Morning Vs Evening Training
Morning trainers: Meal 4 (pre-workout) becomes Meal 1 — eat overnight oats or a banana with protein shake before training. Shift the meal schedule earlier.
Evening trainers: Standard template works as written. The pre-workout meal at 4pm suits a 5-6pm training session.
Scaling Your Meal Prep as You Progress
Beginner Phase (Months 1-3)
Keep it simple: one protein source, one carb, one vegetable per week. Master the Sunday routine before adding complexity. 5 identical lunches per week is far better than elaborate variety that never actually gets made.
Intermediate Phase (Months 4-12)
Introduce a two-week protein rotation (chicken week / mince week). Add a second vegetable to each container. Consider batch cooking a sauce (teriyaki, pesto, tomato base) to vary flavour without varying the underlying prep process.
Advanced Phase (Year 2+)
Seasonal eating reduces costs: batch cook seasonal vegetables at peak availability (zucchini in summer, sweet potato in winter). Add a dedicated carb variety week every 4-6 weeks — pasta, potatoes, whole grain wraps — without abandoning the prep system.
Common Meal Prep Mistakes That Stall Muscle Gain
Underestimating food volume: Weigh food at least for the first 4 weeks. Most people significantly underestimate portion sizes. A "large chicken breast" varies from 150g to 300g — that's a 45g protein difference.
Prioritising meal variety over protein: Elaborate diverse meals are enjoyable but often lower-protein than simple batch meals. Flavour rotates; macro structure stays constant.
Skipping the pre-bed meal: The overnight fast is the longest period without protein. Pre-bed cottage cheese or casein protein directly improves overnight recovery — it's the most underutilised meal in most plans.

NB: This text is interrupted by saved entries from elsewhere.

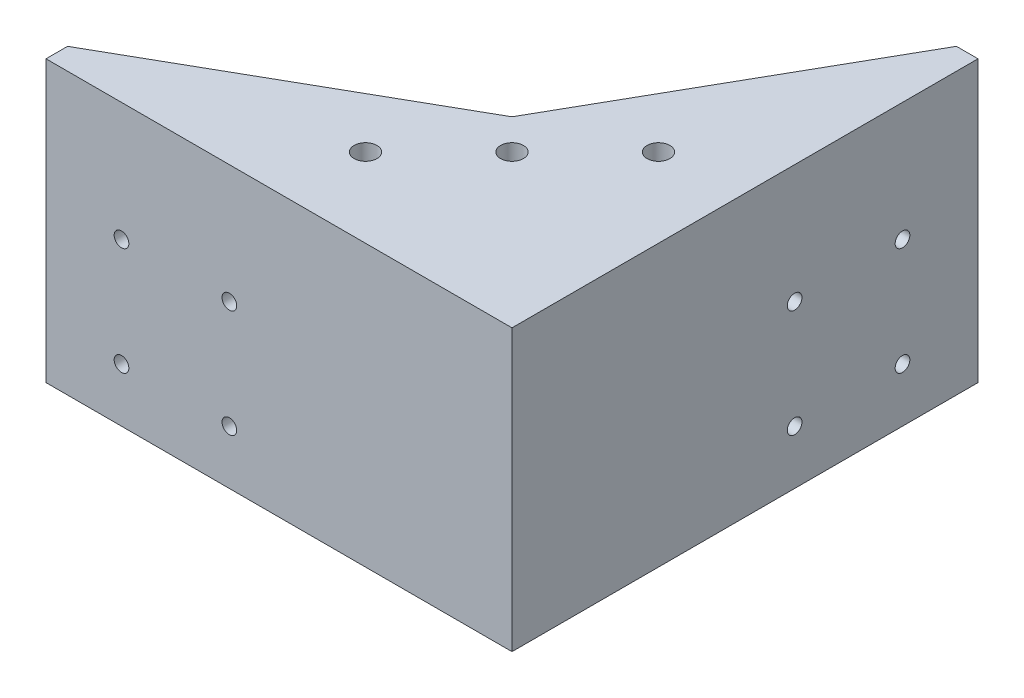
SolidWorks part; units mm, degrees
ref_plane "前视基准面" through (0, 0, 0) normal (0, 0, 1) x (1, 0, 0)
ref_plane "上视基准面" through (0, 0, 0) normal (0, 1, 0) x (1, 0, 0)
ref_plane "右视基准面" through (0, 0, 0) normal (1, 0, 0) x (0, 0, -1)
other "Configuration Table"
sketch "草图3" plane through (0, 0, 0) normal (0, 1, 0) x (1, 0, 0)
  line L1 (-54, 54) -> (54, 54)
  line L2 (-54, 54) -> (-54, -54)
  line L3 (-54, -54) -> (54, -54)
  line L4 (54, 54) -> (54, -54)
  line L5 (-54, 54) -> (54, -54) construction
  line L6 (-54, -54) -> (54, 54) construction
  line L7 (-54, 54) -> (49, 54)
  line L8 (-54, 54) -> (-54, -49)
  line L9 (-54, -49) -> (49, -49)
  line L10 (49, 54) -> (49, -49)
  point P0 (0, 0)
  dimension "D1" = 108
  dimension "D2" = 108
  dimension "D3" = 103
extrude "凸台-拉伸2" add sketch "草图3" along normal blind 60 contours L1 L10 L9 L2 L3 L4
sketch "草图4" plane through (0, 0, 49) normal (0, 0, -1) x (-1, 0, 0)
  line L0 (24, 60) -> (24, 0) construction
  line L1 (54, 60) -> (-49, 60) construction
  line L2 (54, 0) -> (-49, 0) construction
  line L3 (-49, 60) -> (-49, 0) construction
  line L4 (-49, 25) -> (54, 25) construction
  circle A0 centre (36.5, 37.5) radius 1.7
  circle A1 centre (36.5, 12.5) radius 1.7
  circle A2 centre (11.5, 12.5) radius 1.7
  circle A3 centre (11.5, 37.5) radius 1.7
  dimension "D4" = 3.4
  dimension "D1" = 73
  dimension "D2" = 25
  dimension "D3" = 25
  dimension "D5" = 35
sketch "草图5" plane through (49, 0, 0) normal (-1, 0, 0) x (0, 0, 1)
  line L0 (-54, 25) -> (49, 25) construction
  line L2 (49, 60) -> (49, 0) construction
  line L3 (-24, 60) -> (-24, 0) construction
  line L4 (-54, 60) -> (49, 60) construction
  line L5 (-54, 0) -> (49, 0) construction
  circle A0 centre (-36.5, 37.5) radius 1.7
  circle A1 centre (-36.5, 12.5) radius 1.7
  circle A2 centre (-11.5, 12.5) radius 1.7
  circle A3 centre (-11.5, 37.5) radius 1.7
  dimension "D4" = 3.4
  dimension "D1" = 73
  dimension "D2" = 25
  dimension "D3" = 25
  dimension "D5" = 35
extrude "切除-拉伸1" cut sketch "草图4" against normal through all
extrude "切除-拉伸2" cut sketch "草图5" against normal through all
sketch "草图6" plane through (0, 60, 0) normal (0, 1, 0) x (1, 0, 0)
  line L0 (-54, -49) -> (49, 54) construction
  line L1 (-54, -49) -> (-54, -54)
  line L2 (-54, -54) -> (54, -54)
  line L3 (54, -54) -> (54, 54)
  line L4 (54, 54) -> (49, 54)
  line L5 (54, 16.5736) -> (-16.5736, -54) construction
  line L6 (54, 54) -> (54, -54) construction
  line L7 (54, -54) -> (-2.5, 2.5) construction
  line L8 (-54, -49) -> (11.6421, -11.6421)
  line L9 (11.6421, -11.6421) -> (49, 54)
  circle A0 centre (1.7426, -35.6838) radius 2.65
  circle A1 centre (35.6838, -1.7426) radius 2.65
  circle A2 centre (18.7132, -18.7132) radius 2.65
  dimension "D2" = 5.3
  dimension "D1" = 30
  dimension "D3" = 24
  dimension "D4" = 20
extrude "凸台-拉伸4" add sketch "草图6" along normal blind 5
ref_plane "基准面1" through (0, 0, 14) normal (0, 0, -1) x (-1, 0, 0)
sketch "草图10" plane through (0, 0, 14) normal (0, 0, -1) x (-1, 0, 0)
  line L0 (-30.3211, 60) -> (-49, 40)
  line L1 (-49, 60) -> (-11.6421, 60) construction
  line L2 (-49, 60) -> (-49, 0) construction
  line L3 (54, 60) -> (-49, 60) construction
  dimension "D1" = 20
rib "筋1" sketch "草图10" sketch "草图10" thickness 35 extrusion direction parallel to sketch draft on no parameters "D1"=35
ref_plane "基准面2" through (14, 0, 0) normal (-1, 0, 0) x (0, 0, 1)
sketch "草图13" plane through (14, 0, 0) normal (-1, 0, 0) x (0, 0, 1)
  line L0 (29, 60) -> (49, 40)
  line L1 (14, 60) -> (49, 60) construction
  line L2 (49, 40) -> (49, 0) construction
  line L3 (14, 60) -> (49, 60) construction
  dimension "D1" = 20
  dimension "D2" = 20
rib "筋4" sketch "草图13" sketch "草图13" thickness 35 extrusion direction parallel to sketch draft on no parameters "D1"=35

Ignoring vegetables: Micronutrient deficiency (particularly zinc, magnesium, B vitamins) impairs testosterone production, sleep quality, and recovery — all critical for muscle gain. Vegetables aren't optional accessories in a muscle-building plan.
Starting your first muscle-gain meal prep is always the hardest week. The system gets faster every week: by month three, the Sunday 90-minute cook feels effortless. The compounding effect of consistent nutrition, delivered by meal prep, is the most underrated factor in long-term muscle gain results.
Tracking Progress: Beyond the Scale
Muscle gain means body composition change — the scale alone is an unreliable metric because you may gain muscle and lose fat simultaneously (recomposition), leaving scale weight unchanged while your physique improves significantly.
Recommended Progress Tracking
Monthly progress photos: Same lighting, same time of day (morning, fasted, same poses). Photos reveal changes the mirror misses because you see yourself daily.
Tape measurements: Measure chest, shoulders, waist, hips, thighs, and arms monthly. Increasing shoulder, chest, and arm measurements alongside stable or decreasing waist measurement indicates successful muscle gain with minimal fat gain.
Strength logs: Progressive overload is the primary driver of muscle hypertrophy. Track your main lifts weekly. If you are 10-15% stronger on your main compound lifts after 6 months, you have almost certainly gained meaningful muscle regardless of what the scale shows.
How-you-feel metric: Energy in training, sleep quality, and hunger levels are real signals. If energy crashes mid-session consistently, something in your nutrition or recovery is misaligned.
Your meal prep system and your progress tracking system are the two pillars of sustainable muscle gain. The food gets built on Sunday; the data gets reviewed monthly. Everything else — the programming, the supplements, the gym time — operates within the framework these two systems create.
Start this Sunday. The results compound.